Sent from my LGLS991 using Tapatalk


----------



## driz (Jun 16, 2016)

We had an Arkansas Traveler that looked exactly like that when I was growing up in the 60's. A real tank of a boat that was big enough not to worry if the wind came up with those nice high sides. The one problem we always had was those gunnels rotting out every couple years. I can see why everybody went to the all aluminum designs as they were a major PITA. Great boat though.
The best way of course would be with nice fat piece of something like 1/4" 2x2" aluminum angle. That would do the deed forever though you probably couldn't bend it right yourself and would have to farm it out , at least the bending fitting part and you do the rest yourself. Second best would be a nice hardwood, something like oak or maple. Seal the hell out of it on the bench before installing. When you put it on put the hardwood on then seal the top well with 3M 5200 and cap it with aluminum as stated before. Of course make sure to use stainless steel hardware. 
By the time you get done ordering wood, material, ect though it might just make more sense to see if that local steel fabricator (the guy who actually fixes your dinged up props you take to the dealer as well) may be able to bend one for you cheaper. You'd have a better job in the bargain as well and no more rot out headaches.


----------



## Texas Prowler (Jul 30, 2016)

Well guys I'm not having any luck finding a lumber yard open on the weekends that has white oak. I'll have to take off during the week I guess...Ugh.

Sent from my LGLS991 using Tapatalk


----------



## driz (Aug 1, 2016)

You might try looking up any local good old boy saw mills. Sometimes they have the good stuff you won't find in stores and it will be cheaper. They might even make it right to spec for you. If you give one a call and he doesn't have any often they can tell you who does. Just stay away from anyplace saying Marine. Wood is wood but once it is blessed with the "M" word :roll: $$$$$$
Just another thought. Did you ask any of them if they could order you some? Most lumber outlets can easily and quickly get a lot of things they don't regularly stock. That's sort of become business as usual in recent years for most things. The thing is they (at least around here) don't charge for it but you do have to ask. I think even Lowes and Home Depo do it too, just ask.


----------



## Texas Prowler (Aug 1, 2016)

I sure didn't ask about having the wood ordered but i will and see what they say. Id like to get the tin on the water by fall.

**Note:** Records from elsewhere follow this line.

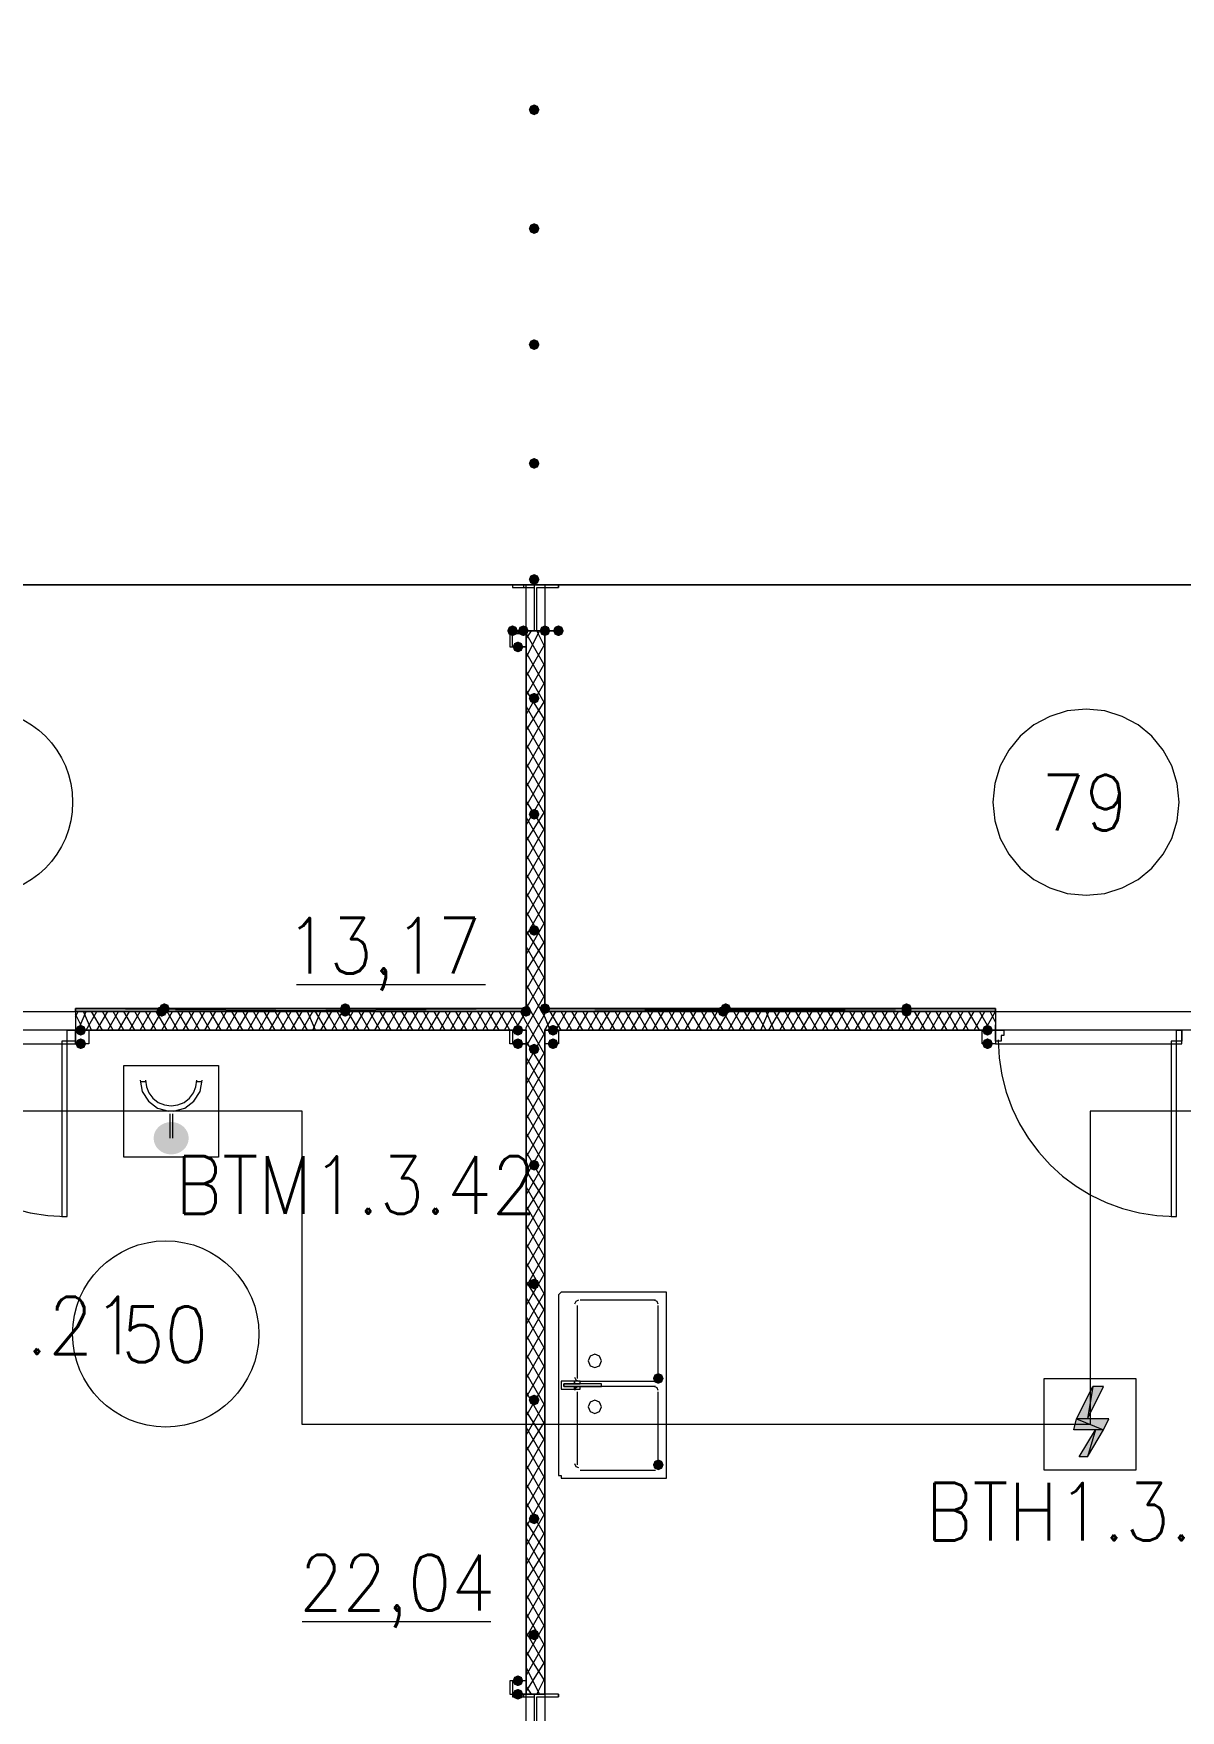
# Model space of a CAD drawing. Header units: millimetres. Extents: x 0 to 420, y 0 to 297.
# Drawn here: x 122.91 to 140.91, y 140.8 to 167.1 of the extents above; entities that cross this region are included whole.
import ezdxf

# ---------------------------------------------------------------- set-up
doc = ezdxf.new("R2010")
doc.units = ezdxf.units.MM
doc.styles.get("Standard").update_dxf_attribs({"font": 'STANDARD'})

msp = doc.modelspace()

# ---------------------------------------------------------------- hatches: boundary and pattern name
for color, points in [(7, [(130.852333, 165.904333), (130.827463, 165.844538), (130.767667, 165.819667), (130.707871, 165.844538), (130.683, 165.904333), (130.707871, 165.964129), (130.767667, 165.989), (130.827462, 165.964129)]), (7, [(130.852333, 164.041667), (130.827463, 163.981871), (130.767667, 163.957), (130.707871, 163.981871), (130.683, 164.041667), (130.707871, 164.101462), (130.767667, 164.126333), (130.827462, 164.101463)]), (7, [(130.852333, 162.221333), (130.827463, 162.161537), (130.767667, 162.136667), (130.707871, 162.161537), (130.683, 162.221333), (130.707871, 162.281129), (130.767667, 162.306), (130.827462, 162.281129)]), (7, [(130.852333, 160.358667), (130.827463, 160.298871), (130.767667, 160.274), (130.707871, 160.298871), (130.683, 160.358667), (130.707871, 160.418462), (130.767667, 160.443333), (130.827462, 160.418463)]), (7, [(130.852333, 158.538333), (130.827463, 158.478537), (130.767667, 158.453667), (130.707871, 158.478537), (130.683, 158.538333), (130.707871, 158.598129), (130.767667, 158.623), (130.827462, 158.598129)]), (7, [(130.513667, 157.734), (130.488796, 157.674204), (130.429, 157.649333), (130.369204, 157.674204), (130.344333, 157.734), (130.369204, 157.793796), (130.429, 157.818667), (130.488796, 157.793796)]), (7, [(130.683, 157.734), (130.658129, 157.674204), (130.598333, 157.649333), (130.538537, 157.674204), (130.513667, 157.734), (130.538537, 157.793796), (130.598333, 157.818667), (130.658129, 157.793796)]), (7, [(131.021667, 157.734), (130.996796, 157.674204), (130.937, 157.649333), (130.877204, 157.674204), (130.852333, 157.734), (130.877204, 157.793796), (130.937, 157.818667), (130.996796, 157.793796)]), (7, [(131.233333, 157.734), (131.208463, 157.674204), (131.148667, 157.649333), (131.088871, 157.674204), (131.064, 157.734), (131.088871, 157.793796), (131.148667, 157.818667), (131.208462, 157.793796)]), (7, [(130.598333, 157.48), (130.573463, 157.420204), (130.513667, 157.395333), (130.453871, 157.420204), (130.429, 157.48), (130.453871, 157.539796), (130.513667, 157.564667), (130.573462, 157.539796)]), (7, [(130.852333, 156.675667), (130.827463, 156.615871), (130.767667, 156.591), (130.707871, 156.615871), (130.683, 156.675667), (130.707871, 156.735462), (130.767667, 156.760333), (130.827462, 156.735463)]), (7, [(130.852333, 154.855333), (130.827463, 154.795537), (130.767667, 154.770667), (130.707871, 154.795537), (130.683, 154.855333), (130.707871, 154.915129), (130.767667, 154.94), (130.827462, 154.915129)]), (7, [(130.852333, 153.035), (130.827463, 152.975204), (130.767667, 152.950333), (130.707871, 152.975204), (130.683, 153.035), (130.707871, 153.094796), (130.767667, 153.119667), (130.827462, 153.094796)]), (254, [(125.010333, 151.765), (124.985463, 151.705204), (124.925667, 151.680333), (124.865871, 151.705204), (124.841, 151.765), (124.865871, 151.824796), (124.925667, 151.849667), (124.985462, 151.824796)]), (254, [(125.052667, 151.807333), (125.027796, 151.747537), (124.968, 151.722667), (124.908204, 151.747537), (124.883333, 151.807333), (124.908204, 151.867129), (124.968, 151.892), (125.027796, 151.867129)]), (254, [(127.889, 151.807333), (127.864129, 151.747537), (127.804333, 151.722667), (127.744538, 151.747537), (127.719667, 151.807333), (127.744537, 151.867129), (127.804333, 151.892), (127.864129, 151.867129)]), (254, [(127.889, 151.765), (127.864129, 151.705204), (127.804333, 151.680333), (127.744538, 151.705204), (127.719667, 151.765), (127.744537, 151.824796), (127.804333, 151.849667), (127.864129, 151.824796)]), (254, [(130.725333, 151.765), (130.700463, 151.705204), (130.640667, 151.680333), (130.580871, 151.705204), (130.556, 151.765), (130.580871, 151.824796), (130.640667, 151.849667), (130.700462, 151.824796)]), (254, [(130.725333, 151.765), (130.700463, 151.705204), (130.640667, 151.680333), (130.580871, 151.705204), (130.556, 151.765), (130.580871, 151.824796), (130.640667, 151.849667), (130.700462, 151.824796)]), (254, [(131.021667, 151.807333), (130.996796, 151.747537), (130.937, 151.722667), (130.877204, 151.747537), (130.852333, 151.807333), (130.877204, 151.867129), (130.937, 151.892), (130.996796, 151.867129)]), (254, [(133.815667, 151.765), (133.790796, 151.705204), (133.731, 151.680333), (133.671204, 151.705204), (133.646333, 151.765), (133.671204, 151.824796), (133.731, 151.849667), (133.790796, 151.824796)]), (254, [(133.858, 151.807333), (133.833129, 151.747537), (133.773333, 151.722667), (133.713538, 151.747537), (133.688667, 151.807333), (133.713537, 151.867129), (133.773333, 151.892), (133.833129, 151.867129)]), (254, [(136.694333, 151.807333), (136.669463, 151.747537), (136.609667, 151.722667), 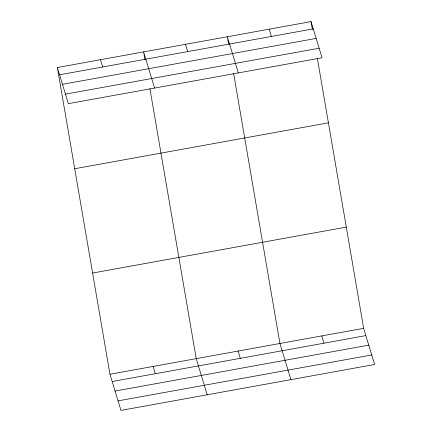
<?xml version="1.0" encoding="UTF-8"?>
<svg xmlns="http://www.w3.org/2000/svg" width="432" height="432" viewBox="0 0 432 432"><rect width="100%" height="100%" fill="white"/><g stroke="black" fill="none" stroke-linecap="round" stroke-linejoin="round"><path stroke-width="0.65" d="M57.359 67.511L311.051 21.6L322.034 57.758L68.348 103.669L57.359 67.511L109.966 374.242L120.949 410.4L374.641 364.489L363.652 328.331L317.363 58.406M59.573 74.79L313.259 28.874M62.467 84.321L316.154 38.405M65.448 94.138L319.14 48.227M74.72 168.734L328.406 122.823M92.605 273.024L346.297 227.108M109.966 374.242L363.652 328.331M112.174 381.521L365.866 335.605M115.074 391.052L368.761 345.136M118.055 400.869L371.741 354.958M269.19 29.176L271.399 36.45M321.797 335.907L324.005 343.181M238.318 72.911L227.329 36.752L228.571 43.983M290.925 379.636L279.936 343.483L233.642 73.559M185.474 44.329L187.682 51.602M238.081 351.059L240.289 358.333M154.602 88.058L143.613 51.905L144.968 59.789M207.203 394.789L196.22 358.63L149.926 88.711M100.489 59.708L102.697 66.982M153.095 366.439L155.304 373.712M311.051 21.6L312.401 29.489"/></g></svg>

Sent from my LGLS991 using Tapatalk


----------



## Texas Prowler (Aug 15, 2016)

I found a specialty hardwood lumber yard that will be open this weekend. https://www.hlcdallas.com/solid.php
Just my luck I've called them before and this will be their first time open on the weekend. I'll have to stop by. 
The owner suggested i check out the juniper and cypress wood. I'll check out the white oak while I'm there as well.

Sent from my LGLS991 using Tapatalk


----------



## Texas Prowler (Aug 20, 2016)

Well i ended up getting mahogany 2in strips cut and milled down to half inch thick. I think I'll end up having to do the gunwale trim in sections due to the curvature. Sucks... It doesn't just curve around the sides it actually curves up then down as well.

Sent from my LGLS991 using Tapatalk


----------



## Johnny (Aug 20, 2016)

Tex - if you think that mahogany is hard to curve,
the white oak is twice as hard, if not more !!
to do your boat justice, the wood will have to be steamed
and clamped into position while you work it. (extra hands are very helpful here).
YouTube it - "how to steam bend wood"

Good luck in your project !!
Looking forward to the photos


----------



## Texas Prowler (Aug 20, 2016)

The guys at the shop did say white oak would be more difficult to work with. They actually suggested that i have the wood milled down to 1/4 strips. I will give steaming them a good shot. I'll try wrapping them in hot towels first.

Sent from my LGLS991 using Tapatalk


----------



## Texas Prowler (Aug 21, 2016)

This Mahogany turned out to be extremely easy to work with. I am really happy! I'll post pics later after the drivers side is done. So far I've only used one c clamp. 

Sent from my LGLS991 using Tapatalk


----------



## Texas Prowler (Aug 21, 2016)

Sent from my LGLS991 using Tapatalk


----------



## lckstckn2smknbrls (Aug 21, 2016)

Did you have to steam it to bend it?


----------



## Texas Prowler (Aug 21, 2016)

I just used boiling water, towels, weights up to 35lbs, bungee cord and a c-clamp.

Sent from my LGLS991 using Tapatalk


----------



## Texas Prowler (Sep 5, 2016)

I got a little steam going to see. If it would make the mahogany more flexible then the towels as you can see in the pics it worked wonderfully.


----------



## lckstckn2smknbrls (Sep 5, 2016)

I like the old Freon tank as a steam kettle.


----------



## Texas Prowler (Sep 6, 2016)

Thanks! I tried to be creative with what i have. Wrapped the wood with painters plastic and tape then ran a hose to it, then let it steam for a few hours.

Sent from my LGLS991 using Tapatalk


----------